[Extracted records]

↓↓↓

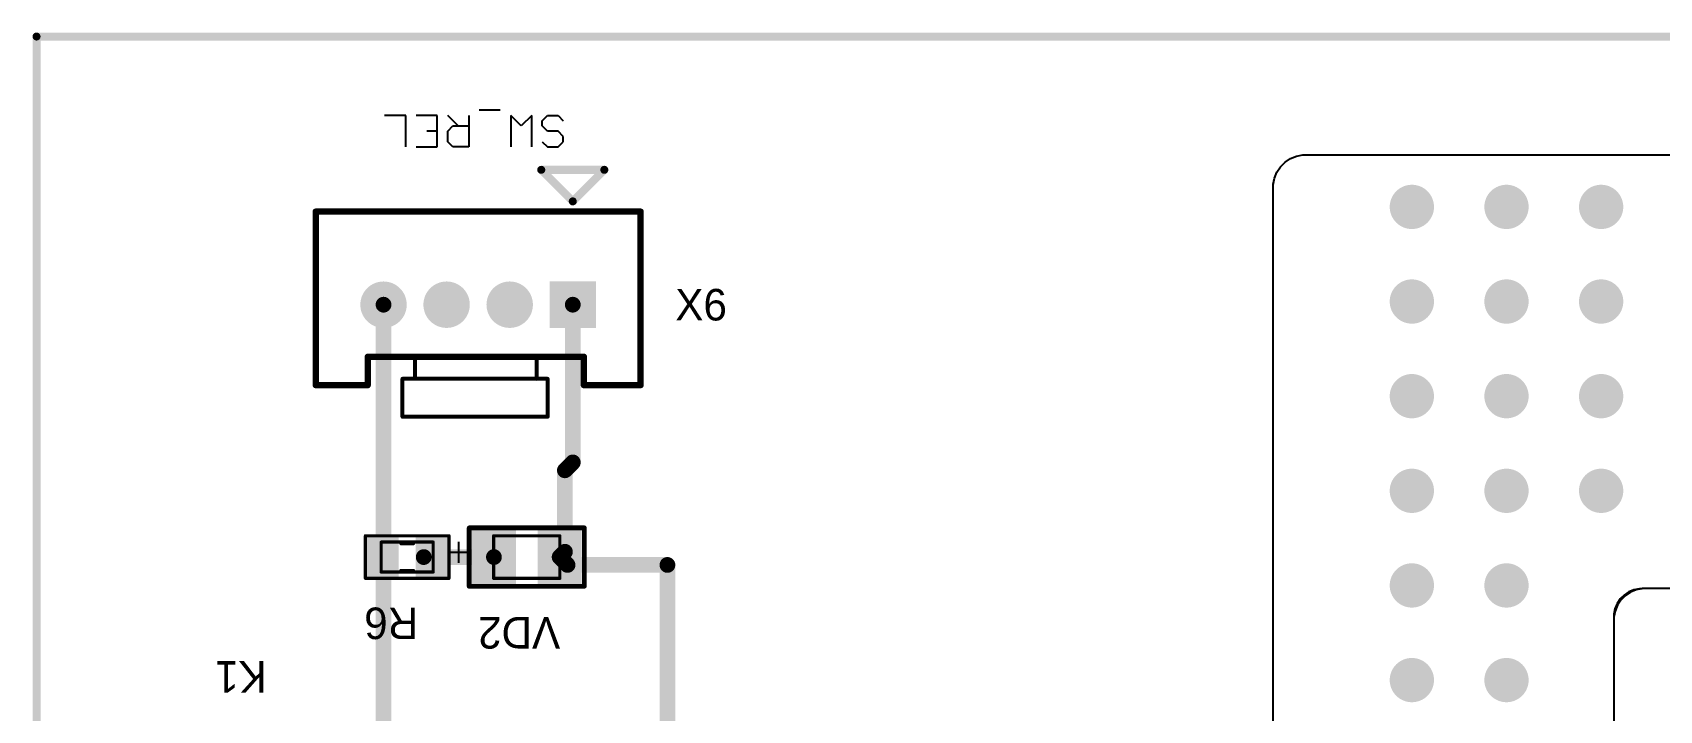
# Model space of a CAD drawing. Header units: millimetres. Extents: x 25 to 162, y 25 to 111.
# Drawn here: x 25.3 to 76.8, y 89 to 110.5 of the extents above; entities that cross this region are included whole.
import ezdxf

# ---------------------------------------------------------------- set-up
doc = ezdxf.new("R2010")
doc.units = ezdxf.units.MM
for name, color, linetype in [('BottomLayer', 5, 'Continuous'), ('BottomSolder', 6, 'Continuous'), ('Mechanical1', 6, 'Continuous'), ('Mechanical13', 56, 'Continuous'), ('Mechanical15', 56, 'Continuous'), ('MultiLayer', 9, 'Continuous'), ('PadHoleLayer', 156, 'Continuous'), ('TopLayer', 1, 'Continuous'), ('TopOverlay', 2, 'Continuous'), ('TopPaste', 8, 'Continuous'), ('TopSolder', 216, 'Continuous'), ('ViaHoleLayer', 16, 'Continuous')]:
    doc.layers.add(name, color=color, linetype=linetype)

# ---------------------------------------------------------------- blocks, each defined once
blk = doc.blocks.new('SMD_R_0603_188')
at = {"layer": 'Mechanical13', "const_width": 0.1}
for points in [[(-0.825, 0.475), (0.825, 0.475)], [(-0.825, -0.475), (-0.825, 0.475)], [(0.825, -0.475), (0.825, 0.475)], [(-0.825, -0.475), (0.825, -0.475)]]:
    blk.add_lwpolyline(points, dxfattribs=at)
at = {"layer": 'Mechanical13', "const_width": 0.05}
for points in [[(-0.85, 0.475, 1), (-0.8, 0.475, 1)], [(-0.85, 0.475, 1), (-0.8, 0.475, 1)], [(0.8, 0.475, 1), (0.85, 0.475, 1)], [(0.8, 0.475, 1), (0.85, 0.475, 1)], [(-0.85, -0.475, 1), (-0.8, -0.475, 1)], [(-0.85, -0.475, 1), (-0.8, -0.475, 1)], [(0.8, -0.475, 1), (0.85, -0.475, 1)], [(0.8, -0.475, 1), (0.85, -0.475, 1)]]:
    blk.add_lwpolyline(points, format="xyb", close=True, dxfattribs=at)
at = {"layer": 'Mechanical15', "const_width": 0.05}
for points in [[(-1.325, 0.675), (1.325, 0.675)], [(-1.325, -0.675), (-1.325, 0.675)], [(1.325, -0.675), (1.325, 0.675)], [(-1.325, -0.675), (1.325, -0.675)]]:
    blk.add_lwpolyline(points, dxfattribs=at)
at = {"layer": 'Mechanical15', "const_width": 0.025}
for points in [[(-1.338, 0.675, 1), (-1.313, 0.675, 1)], [(-1.338, 0.675, 1), (-1.313, 0.675, 1)], [(1.313, 0.675, 1), (1.338, 0.675, 1)], [(1.313, 0.675, 1), (1.338, 0.675, 1)], [(-1.338, -0.675, 1), (-1.313, -0.675, 1)], [(-1.338, -0.675, 1), (-1.313, -0.675, 1)], [(1.313, -0.675, 1), (1.338, -0.675, 1)], [(1.313, -0.675, 1), (1.338, -0.675, 1)]]:
    blk.add_lwpolyline(points, format="xyb", close=True, dxfattribs=at)
at = {"layer": 'TopLayer'}
for points in [[(-0.375, -0.525), (-0.375, 0.525), (-1.175, -0.525), (-1.175, 0.525)], [(1.175, -0.525), (1.175, 0.525), (0.375, -0.525), (0.375, 0.525)]]:
    blk.add_solid(points, dxfattribs=at)
at = {"layer": 'TopOverlay', "const_width": 0.1}
for points in [[(-1.325, -0.675), (-1.325, 0.675)], [(-1.325, 0.675), (1.325, 0.675)], [(1.325, -0.675), (1.325, 0.675)], [(-0.2, 0.425), (-0.1, 0.425)], [(-0.1, 0.425), (0.1, 0.425)], [(0.1, 0.425), (0.2, 0.425)], [(-0.2, -0.425), (0.2, -0.425)], [(-1.325, -0.675), (1.325, -0.675)]]:
    blk.add_lwpolyline(points, dxfattribs=at)
at = {"layer": 'TopOverlay', "const_width": 0.05}
for points in [[(-1.35, 0.675, 1), (-1.3, 0.675, 1)], [(-1.35, 0.675, 1), (-1.3, 0.675, 1)], [(1.3, 0.675, 1), (1.35, 0.675, 1)], [(1.3, 0.675, 1), (1.35, 0.675, 1)], [(-0.225, 0.425, 1), (-0.175, 0.425, 1)], [(-0.125, 0.425, 1), (-0.075, 0.425, 1)], [(-0.125, 0.425, 1), (-0.075, 0.425, 1)], [(0.075, 0.425, 1), (0.125, 0.425, 1)], [(0.075, 0.425, 1), (0.125, 0.425, 1)], [(0.175, 0.425, 1), (0.225, 0.425, 1)], [(-0.225, -0.425, 1), (-0.175, -0.425, 1)], [(0.175, -0.425, 1), (0.225, -0.425, 1)], [(-1.35, -0.675, 1), (-1.3, -0.675, 1)], [(-1.35, -0.675, 1), (-1.3, -0.675, 1)], [(1.3, -0.675, 1), (1.35, -0.675, 1)], [(1.3, -0.675, 1), (1.35, -0.675, 1)]]:
    blk.add_lwpolyline(points, format="xyb", close=True, dxfattribs=at)
at = {"layer": 'TopPaste'}
for points in [[(-0.375, -0.525), (-0.375, 0.525), (-1.175, -0.525), (-1.175, 0.525)], [(1.175, -0.525), (1.175, 0.525), (0.375, -0.525), (0.375, 0.525)]]:
    blk.add_solid(points, dxfattribs=at)
at = {"layer": 'TopSolder'}
for points in [[(-0.273, -0.627), (-0.273, 0.627), (-1.277, -0.627), (-1.277, 0.627)], [(1.277, -0.627), (1.277, 0.627), (0.273, -0.627), (0.273, 0.627)]]:
    blk.add_solid(points, dxfattribs=at)
blk = doc.blocks.new('SMD_LED_LL_G_____192')
at = {"layer": 'Mechanical13', "const_width": 0.1}
for points in [[(-1.05, 0.675), (-1.05, -0.675)], [(1.05, 0.675), (-1.05, 0.675)], [(1.05, 0.675), (1.05, -0.675)], [(1.05, -0.675), (-1.05, -0.675)]]:
    blk.add_lwpolyline(points, dxfattribs=at)
at = {"layer": 'Mechanical13', "const_width": 0.05}
for points in [[(-1.075, 0.675, 1), (-1.025, 0.675, 1)], [(-1.075, 0.675, 1), (-1.025, 0.675, 1)], [(1.025, 0.675, 1), (1.075, 0.675, 1)], [(1.025, 0.675, 1), (1.075, 0.675, 1)], [(-1.075, -0.675, 1), (-1.025, -0.675, 1)], [(-1.075, -0.675, 1), (-1.025, -0.675, 1)], [(1.025, -0.675, 1), (1.075, -0.675, 1)], [(1.025, -0.675, 1), (1.075, -0.675, 1)]]:
    blk.add_lwpolyline(points, format="xyb", close=True, dxfattribs=at)
at = {"layer": 'TopLayer'}
for points in [[(-0.445, -0.749), (-0.445, 0.749), (-1.638, -0.749), (-1.638, 0.749)], [(1.638, -0.749), (1.638, 0.749), (0.445, -0.749), (0.445, 0.749)]]:
    blk.add_solid(points, dxfattribs=at)
at = {"layer": 'TopOverlay'}
for p, q in [((2.167, -0.483), (2.167, 0.183)), ((2.5, -0.15), (1.834, -0.15))]:
    blk.add_line(p, q, dxfattribs=at)
at = {"layer": 'TopOverlay', "const_width": 0.152}
for points in [[(1.825, 0.925), (-1.825, 0.925)], [(-1.825, 0.925), (-1.825, -0.925)], [(1.825, 0.925), (1.825, -0.925)], [(1.825, -0.925), (-1.825, -0.925)]]:
    blk.add_lwpolyline(points, dxfattribs=at)
at = {"layer": 'TopOverlay', "const_width": 0.0762}
for points in [[(-1.863, 0.925, 1), (-1.787, 0.925, 1)], [(-1.863, 0.925, 1), (-1.787, 0.925, 1)], [(1.787, 0.925, 1), (1.863, 0.925, 1)], [(1.787, 0.925, 1), (1.863, 0.925, 1)], [(-1.863, -0.925, 1), (-1.787, -0.925, 1)], [(-1.863, -0.925, 1), (-1.787, -0.925, 1)], [(1.787, -0.925, 1), (1.863, -0.925, 1)], [(1.787, -0.925, 1), (1.863, -0.925, 1)]]:
    blk.add_lwpolyline(points, format="xyb", close=True, dxfattribs=at)
at = {"layer": 'TopPaste'}
for points in [[(-0.445, -0.749), (-0.445, 0.749), (-1.638, -0.749), (-1.638, 0.749)], [(1.638, -0.749), (1.638, 0.749), (0.445, -0.749), (0.445, 0.749)]]:
    blk.add_solid(points, dxfattribs=at)
at = {"layer": 'TopSolder'}
for points in [[(-0.343, -0.851), (-0.343, 0.851), (-1.74, -0.851), (-1.74, 0.851)], [(1.74, -0.851), (1.74, 0.851), (0.343, -0.851), (0.343, 0.851)]]:
    blk.add_solid(points, dxfattribs=at)
blk = doc.blocks.new('35362_0450_199')
at = {"layer": 'BottomLayer', "const_width": 0.61}
for points in [[(-6.305, 0, 1), (-5.695, 0, 1)], [(-4.304, 0, 1), (-3.695, 0, 1)], [(-2.305, 0, 1), (-1.695, 0, 1)]]:
    blk.add_lwpolyline(points, format="xyb", close=True, dxfattribs=at)
at = {"layer": 'BottomLayer'}
blk.add_solid([(-0.61, -0.61), (0.61, -0.61), (-0.61, 0.61), (0.61, 0.61)], dxfattribs=at)
at = {"layer": 'BottomSolder', "const_width": 0.736}
for points in [[(-6.368, 0, 1), (-5.632, 0, 1)], [(-4.368, 0, 1), (-3.632, 0, 1)], [(-2.368, 0, 1), (-1.632, 0, 1)]]:
    blk.add_lwpolyline(points, format="xyb", close=True, dxfattribs=at)
at = {"layer": 'BottomSolder'}
blk.add_solid([(-0.736, -0.736), (0.736, -0.736), (-0.736, 0.736), (0.736, 0.736)], dxfattribs=at)
at = {"layer": 'PadHoleLayer', "const_width": 0.4}
for points in [[(-6.2, 0, 1), (-5.8, 0, 1)], [(-4.2, 0, 1), (-3.8, 0, 1)], [(-2.2, 0, 1), (-1.8, 0, 1)], [(-0.2, 0, 1), (0.2, 0, 1)]]:
    blk.add_lwpolyline(points, format="xyb", close=True, dxfattribs=at)
at = {"layer": 'TopLayer', "const_width": 0.61}
for points in [[(-6.305, 0, 1), (-5.695, 0, 1)], [(-4.304, 0, 1), (-3.695, 0, 1)], [(-2.305, 0, 1), (-1.695, 0, 1)]]:
    blk.add_lwpolyline(points, format="xyb", close=True, dxfattribs=at)
at = {"layer": 'TopLayer'}
blk.add_solid([(-0.61, -0.61), (0.61, -0.61), (-0.61, 0.61), (0.61, 0.61)], dxfattribs=at)
at = {"layer": 'TopOverlay'}
for points, const_width in [([(-1, 4.275), (1, 4.275)], 0.254), ([(-1, 4.275), (0, 3.275)], 0.254), ([(0, 3.275), (1, 4.275)], 0.254), ([(-8.15, -2.55), (-8.15, 2.95)], 0.2), ([(-8.15, 2.95), (2.15, 2.95)], 0.2), ([(2.15, -2.55), (2.15, 2.95)], 0.2), ([(-6.5, -1.65), (0.35, -1.65)], 0.2), ([(-6.5, -2.55), (-6.5, -1.65)], 0.2), ([(-5, -2.35), (-5, -1.65)], 0.127), ([(-5, -1.65), (-1.15, -1.65)], 0.127), ([(-1.15, -2.35), (-1.15, -1.65)], 0.127), ([(0.35, -2.55), (0.35, -1.65)], 0.2), ([(-8.15, -2.55), (-6.5, -2.55)], 0.2), ([(-5.4, -2.35), (-0.8, -2.35)], 0.127), ([(-5.4, -3.55), (-5.4, -2.35)], 0.127), ([(-5, -2.35), (-1.15, -2.35)], 0.127), ([(-0.8, -3.55), (-0.8, -2.35)], 0.127), ([(0.35, -2.55), (2.15, -2.55)], 0.2), ([(-5.4, -3.55), (-0.8, -3.55)], 0.127)]:
    blk.add_lwpolyline(points, dxfattribs=dict(at, const_width=const_width))
for points, const_width in [([(-1.064, 4.275, 1), (-0.937, 4.275, 1)], 0.127), ([(-1.064, 4.275, 1), (-0.937, 4.275, 1)], 0.127), ([(0.936, 4.275, 1), (1.063, 4.275, 1)], 0.127), ([(0.936, 4.275, 1), (1.063, 4.275, 1)], 0.127), ([(-0.064, 3.275, 1), (0.063, 3.275, 1)], 0.127), ([(-0.064, 3.275, 1), (0.063, 3.275, 1)], 0.127), ([(-8.2, 2.95, 1), (-8.1, 2.95, 1)], 0.0999), ([(-8.2, 2.95, 1), (-8.1, 2.95, 1)], 0.0999), ([(2.1, 2.95, 1), (2.2, 2.95, 1)], 0.0999), ([(2.1, 2.95, 1), (2.2, 2.95, 1)], 0.0999), ([(-6.55, -1.65, 1), (-6.45, -1.65, 1)], 0.0999), ([(-6.55, -1.65, 1), (-6.45, -1.65, 1)], 0.0999), ([(-5.032, -1.65, 1), (-4.968, -1.65, 1)], 0.0635), ([(-5.032, -1.65, 1), (-4.968, -1.65, 1)], 0.0635), ([(-1.182, -1.65, 1), (-1.118, -1.65, 1)], 0.0635), ([(-1.182, -1.65, 1), (-1.118, -1.65, 1)], 0.0635), ([(0.3, -1.65, 1), (0.4, -1.65, 1)], 0.0999), ([(0.3, -1.65, 1), (0.4, -1.65, 1)], 0.0999), ([(-8.2, -2.55, 1), (-8.1, -2.55, 1)], 0.0999), ([(-8.2, -2.55, 1), (-8.1, -2.55, 1)], 0.0999), ([(-6.55, -2.55, 1), (-6.45, -2.55, 1)], 0.0999), ([(-6.55, -2.55, 1), (-6.45, -2.55, 1)], 0.0999), ([(-5.431, -2.35, 1), (-5.368, -2.35, 1)], 0.0635), ([(-5.431, -2.35, 1), (-5.368, -2.35, 1)], 0.0635), ([(-5.032, -2.35, 1), (-4.968, -2.35, 1)], 0.0635), ([(-5.032, -2.35, 1), (-4.968, -2.35, 1)], 0.0635), ([(-1.182, -2.35, 1), (-1.118, -2.35, 1)], 0.0635), ([(-1.182, -2.35, 1), (-1.118, -2.35, 1)], 0.0635), ([(-0.831, -2.35, 1), (-0.768, -2.35, 1)], 0.0635), ([(-0.831, -2.35, 1), (-0.768, -2.35, 1)], 0.0635), ([(0.3, -2.55, 1), (0.4, -2.55, 1)], 0.0999), ([(0.3, -2.55, 1), (0.4, -2.55, 1)], 0.0999), ([(2.1, -2.55, 1), (2.2, -2.55, 1)], 0.0999), ([(2.1, -2.55, 1), (2.2, -2.55, 1)], 0.0999), ([(-5.431, -3.55, 1), (-5.368, -3.55, 1)], 0.0635), ([(-5.431, -3.55, 1), (-5.368, -3.55, 1)], 0.0635), ([(-0.831, -3.55, 1), (-0.768, -3.55, 1)], 0.0635), ([(-0.831, -3.55, 1), (-0.768, -3.55, 1)], 0.0635)]:
    blk.add_lwpolyline(points, format="xyb", close=True, dxfattribs=dict(at, const_width=const_width))
at = {"layer": 'TopSolder', "const_width": 0.736}
for points in [[(-6.368, 0, 1), (-5.632, 0, 1)], [(-4.368, 0, 1), (-3.632, 0, 1)], [(-2.368, 0, 1), (-1.632, 0, 1)]]:
    blk.add_lwpolyline(points, format="xyb", close=True, dxfattribs=at)
at = {"layer": 'TopSolder'}
blk.add_solid([(-0.736, -0.736), (0.736, -0.736), (-0.736, 0.736), (0.736, 0.736)], dxfattribs=at)

msp = doc.modelspace()

# ---------------------------------------------------------------- linework, layer by layer
at = {"layer": 'BottomLayer'}
for p, q in [((64.719, 106.097), (64.834, 106.269)), ((64.834, 106.269), (64.981, 106.416)), ((64.981, 106.416), (65.153, 106.531)), ((65.153, 106.531), (65.344, 106.61)), ((65.344, 106.61), (65.547, 106.65)), ((65.547, 106.65), (65.65, 106.65)), ((65.65, 106.65), (67.65, 106.65)), ((67.65, 106.65), (111.655, 106.65)), ((64.6, 105.703), (64.64, 105.906)), ((64.64, 105.906), (64.719, 106.097)), ((64.6, 105.6), (64.6, 105.703)), ((64.6, 88.475), (64.6, 105.6)), ((76.039, 92.861), (75.876, 92.794)), ((76.212, 92.896), (76.039, 92.861)), ((76.3, 92.9), (76.212, 92.896)), ((104.9, 92.9), (76.3, 92.9)), ((76.3, 92.9), (76.3, 92.9)), ((75.506, 92.424), (75.439, 92.261)), ((75.604, 92.571), (75.506, 92.424)), ((75.729, 92.696), (75.604, 92.571)), ((75.876, 92.794), (75.729, 92.696)), ((75.404, 92.088), (75.4, 92)), ((75.4, 92), (75.4, 73.9)), ((75.439, 92.261), (75.404, 92.088))]:
    msp.add_line(p, q, dxfattribs=at)
at = {"layer": 'BottomLayer', "const_width": 0.6}
for points in [[(68.7, 105, 1), (69.3, 105, 1)], [(71.7, 105, 1), (72.3, 105, 1)], [(74.7, 105, 1), (75.3, 105, 1)], [(68.7, 102, 1), (69.3, 102, 1)], [(71.7, 102, 1), (72.3, 102, 1)], [(74.7, 102, 1), (75.3, 102, 1)], [(68.7, 99, 1), (69.3, 99, 1)], [(71.7, 99, 1), (72.3, 99, 1)], [(74.7, 99, 1), (75.3, 99, 1)], [(68.7, 96, 1), (69.3, 96, 1)], [(71.7, 96, 1), (72.3, 96, 1)], [(74.7, 96, 1), (75.3, 96, 1)], [(68.7, 93, 1), (69.3, 93, 1)], [(71.7, 93, 1), (72.3, 93, 1)], [(68.7, 90, 1), (69.3, 90, 1)], [(71.7, 90, 1), (72.3, 90, 1)]]:
    msp.add_lwpolyline(points, format="xyb", close=True, dxfattribs=at)
at = {"layer": 'BottomSolder', "const_width": 0.702}
for points in [[(68.649, 105, 1), (69.351, 105, 1)], [(71.649, 105, 1), (72.351, 105, 1)], [(74.649, 105, 1), (75.351, 105, 1)], [(68.649, 102, 1), (69.351, 102, 1)], [(71.649, 102, 1), (72.351, 102, 1)], [(74.649, 102, 1), (75.351, 102, 1)], [(68.649, 99, 1), (69.351, 99, 1)], [(71.649, 99, 1), (72.351, 99, 1)], [(74.649, 99, 1), (75.351, 99, 1)], [(68.649, 96, 1), (69.351, 96, 1)], [(71.649, 96, 1), (72.351, 96, 1)], [(74.649, 96, 1), (75.351, 96, 1)], [(68.649, 93, 1), (69.351, 93, 1)], [(71.649, 93, 1), (72.351, 93, 1)], [(68.649, 90, 1), (69.351, 90, 1)], [(71.649, 90, 1), (72.351, 90, 1)]]:
    msp.add_lwpolyline(points, format="xyb", close=True, dxfattribs=at)
at = {"layer": 'Mechanical1', "const_width": 0.254}
for points in [[(25.4, 110.4), (161.4, 110.4)], [(25.4, 30.4), (25.4, 110.4)]]:
    msp.add_lwpolyline(points, dxfattribs=at)
at = {"layer": 'Mechanical1', "const_width": 0.127}
msp.add_lwpolyline([(25.337, 110.4, 1), (25.463, 110.4, 1)], format="xyb", close=True, dxfattribs=at)
msp.add_lwpolyline([(25.337, 110.4, 1), (25.463, 110.4, 1)], format="xyb", close=True, dxfattribs=at)
at = {"layer": 'MultiLayer', "const_width": 0.6}
for points in [[(68.7, 105, 1), (69.3, 105, 1)], [(71.7, 105, 1), (72.3, 105, 1)], [(74.7, 105, 1), (75.3, 105, 1)], [(68.7, 102, 1), (69.3, 102, 1)], [(71.7, 102, 1), (72.3, 102, 1)], [(74.7, 102, 1), (75.3, 102, 1)], [(68.7, 99, 1), (69.3, 99, 1)], [(71.7, 99, 1), (72.3, 99, 1)], [(74.7, 99, 1), (75.3, 99, 1)], [(68.7, 96, 1), (69.3, 96, 1)], [(71.7, 96, 1), (72.3, 96, 1)], [(74.7, 96, 1), (75.3, 96, 1)], [(68.7, 93, 1), (69.3, 93, 1)], [(71.7, 93, 1), (72.3, 93, 1)], [(68.7, 90, 1), (69.3, 90, 1)], [(71.7, 90, 1), (72.3, 90, 1)]]:
    msp.add_lwpolyline(points, format="xyb", close=True, dxfattribs=at)
at = {"layer": 'TopLayer'}
for p, q in [((64.719, 106.097), (64.834, 106.269)), ((64.834, 106.269), (64.981, 106.416)), ((64.981, 106.416), (65.153, 106.53)), ((65.153, 106.53), (65.344, 106.61)), ((65.344, 106.61), (65.547, 106.65)), ((65.547, 106.65), (65.65, 106.65)), ((65.65, 106.65), (67.65, 106.65)), ((67.65, 106.65), (111.555, 106.65)), ((64.604, 105.725), (64.64, 105.906)), ((64.64, 105.906), (64.719, 106.097)), ((64.6, 105.6), (64.604, 105.725)), ((64.6, 94.532), (64.6, 105.6)), ((64.6, 105.6), (64.6, 105.6)), ((64.6, 105.6), (64.6, 105.6)), ((64.6, 88.551), (64.6, 94.532)), ((76.11, 92.857), (75.929, 92.782)), ((76.302, 92.895), (76.11, 92.857)), ((76.4, 92.9), (76.302, 92.895)), ((104.4, 92.9), (76.4, 92.9)), ((76.4, 92.9), (76.4, 92.9)), ((75.518, 92.371), (75.443, 92.19)), ((75.627, 92.534), (75.518, 92.371)), ((75.766, 92.673), (75.627, 92.534)), ((75.929, 92.782), (75.766, 92.673)), ((75.405, 91.998), (75.4, 91.9)), ((75.4, 91.9), (75.4, 73.9)), ((75.443, 92.19), (75.405, 91.998))]:
    msp.add_line(p, q, dxfattribs=at)
for points, const_width in [([(68.7, 105, 1), (69.3, 105, 1)], 0.6), ([(71.7, 105, 1), (72.3, 105, 1)], 0.6), ([(74.7, 105, 1), (75.3, 105, 1)], 0.6), ([(36.275, 101.9, 1), (36.525, 101.9, 1)], 0.25), ([(42.275, 101.9, 1), (42.525, 101.9, 1)], 0.25), ([(68.7, 102, 1), (69.3, 102, 1)], 0.6), ([(71.7, 102, 1), (72.3, 102, 1)], 0.6), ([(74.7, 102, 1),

↑↑↑

• _What to work on_: Pull out all lines from the entries above that include the word "BottomSolder".

• _Solution_:
for name, color, linetype in [('BottomLayer', 5, 'Continuous'), ('BottomSolder', 6, 'Continuous'), ('Mechanical1', 6, 'Continuous'), ('Mechanical13', 56, 'Continuous'), ('Mechanical15', 56, 'Continuous'), ('MultiLayer', 9, 'Continuous'), ('PadHoleLayer', 156, 'Continuous'), ('TopLayer', 1, 'Continuous'), ('TopOverlay', 2, 'Continuous'), ('TopPaste', 8, 'Continuous'), ('TopSolder', 216, 'Continuous'), ('ViaHoleLayer', 16, 'Continuous')]:
at = {"layer": 'BottomSolder', "const_width": 0.736}
at = {"layer": 'BottomSolder'}
at = {"layer": 'BottomSolder', "const_width": 0.702}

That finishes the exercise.